INDUSTRIAL FLOOR SCRUBBERS The Global Automatic Floor Scrubber Machine boasts a 1.6HP motor that offers 113″ water lift, 180 RPM and a coverage rate of 17,000 sq. ft. per hour

These examples all come from the aptly-named site www.willrobotstakemyjob.com    because while these functions are labour-saving and ripe for automation, the increasing use of artificial intelligence in the workplace will undoubtedly lead to increasing reliance on machines and a resulting swathe of human redundancies in a broad spectrum of industries and services.

This process has been greatly boosted by the global pandemic due to a combination of a workforce on furlough, whether by decree or by choice, and the obvious advantages of using virus-free machines – I don’t think computer viruses count!  For example, it was suggested recently that their use might have a beneficial effect in care homes for the elderly, solving short staffing issues and cheering up the old folks with the novelty of having their tea, coffee and medicines delivered by glorified model cars.  It’s a theory, at any rate.

Already, customers at the South-Korean  fast-food chain No Brand Burger can avoid any interaction with a human server during the pandemic.  The chain is using robots to take orders, prepare food and bring meals out to diners.  Customers order and pay via touchscreen, then their request is sent to the kitchen where a cooking machine heats up the buns and patties. When it’s ready, a robot ‘waiter’ brings out their takeout bag.   

‘This is the first time I’ve actually seen such robots, so they are really amazing and fun,’ Shin Hyun Soo, an office worker at No Brand in Seoul for the first time, told the AP. 

Human workers add toppings to the burgers and wrap them up in takeout bags before passing them over to yellow-and-black serving robots, which have been compared to Minions. 

Also in Korea, the Italian restaurant chain Mad for Garlic is using serving robots even for sit-down customers. Using 3D space mapping and other technology, the electronic ‘waiter,’ known as Aglio Kim, navigates between tables with up to five orders.  Mad for Garlic manager Lee Young-ho said kids especially like the robots, which can carry up to 66lbs in their trays.

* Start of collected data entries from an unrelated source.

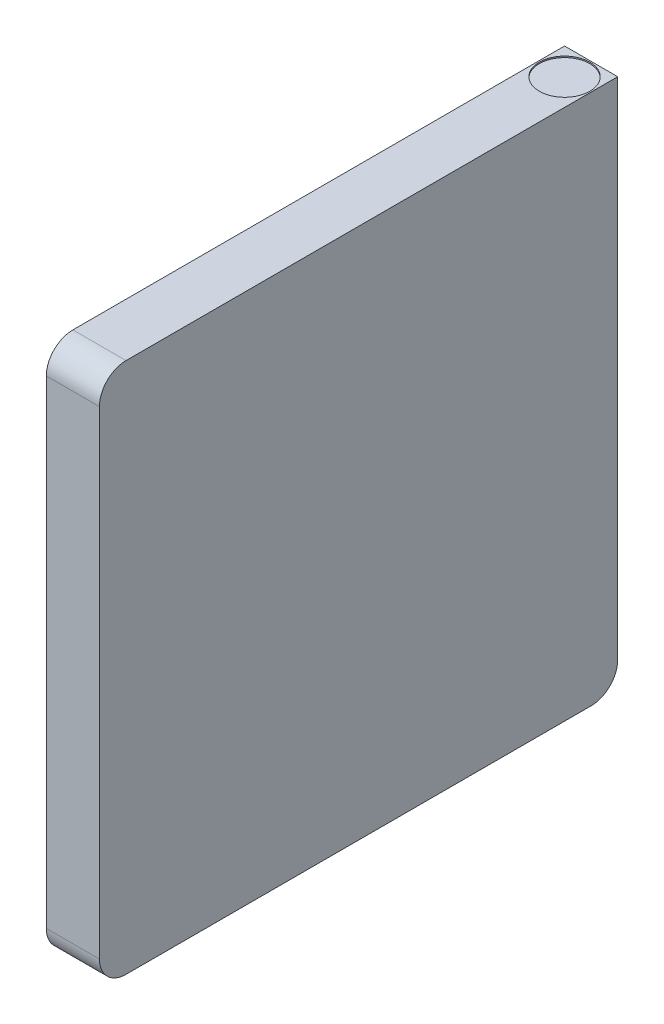
SolidWorks part; units mm, degrees
ref_plane "Front Plane" through (0, 0, 0) normal (0, 0, 1) x (1, 0, 0)
ref_plane "Top Plane" through (0, 0, 0) normal (0, 1, 0) x (1, 0, 0)
ref_plane "Right Plane" through (0, 0, 0) normal (1, 0, 0) x (0, 0, -1)
sketch "Sketch1" plane through (0, 0, 0) normal (0, 0, 1) x (1, 0, 0)
  line L1 (-4, 25.4908) -> (0, 25.4908)
  line L2 (-4, 25.4908) -> (-4, -14.5092)
  line L3 (-4, -14.5092) -> (0, -14.5092)
  line L4 (0, 25.4908) -> (0, -14.5092)
  dimension "D1" = 40
  dimension "D2" = 4
extrude "Boss-Extrude1" add sketch "Sketch1" along normal blind 39
ref_plane "Plane1" through (0, 0, 0) normal (1, 0, 0) x (0, 0, -1)
fillet "Fillet6" radius 2 1 edges at (-2, 25.4908, 39)
fillet "Fillet7" radius 2 2 edges at (-2, -14.5092, 0) (-2, -14.5092, 39)
sketch "Sketch7" plane through (0, 25.4908, 0) normal (0, 1, 0) x (1, 0, 0)
  circle A1 centre (-2, -2) radius 1.9
extrude "Cut-Extrude4" cut sketch "Sketch7" against normal blind 0.1

These catering robots look nothing like their human counterparts – in fact they are nothing more than glorified food trolleys so using our thumb rule from the movies, mankind is safe from imminent takeover but clearly  Korean hospitality sector workers’ jobs are not.

And right there is the dichotomy – replacement by stealth.  Remote-controlled robotic waiters and waitresses don’t need to be paid, they don’t go on strike and they don’t spread disease so it’s a sure bet their army is already on the march.

But there may be more redundancies on the way as well.  Have you noticed how AI designers have an inability to use words of more than one syllable?  So ‘robot’ has become ‘bot’ and ‘android’ simply ‘droid?  Well, guys, if you continue to build machines ultimately smarter than yourselves you ‘rons  may find yourself surplus to requirements too – that’s ‘moron’ to us polysyllabic humans”!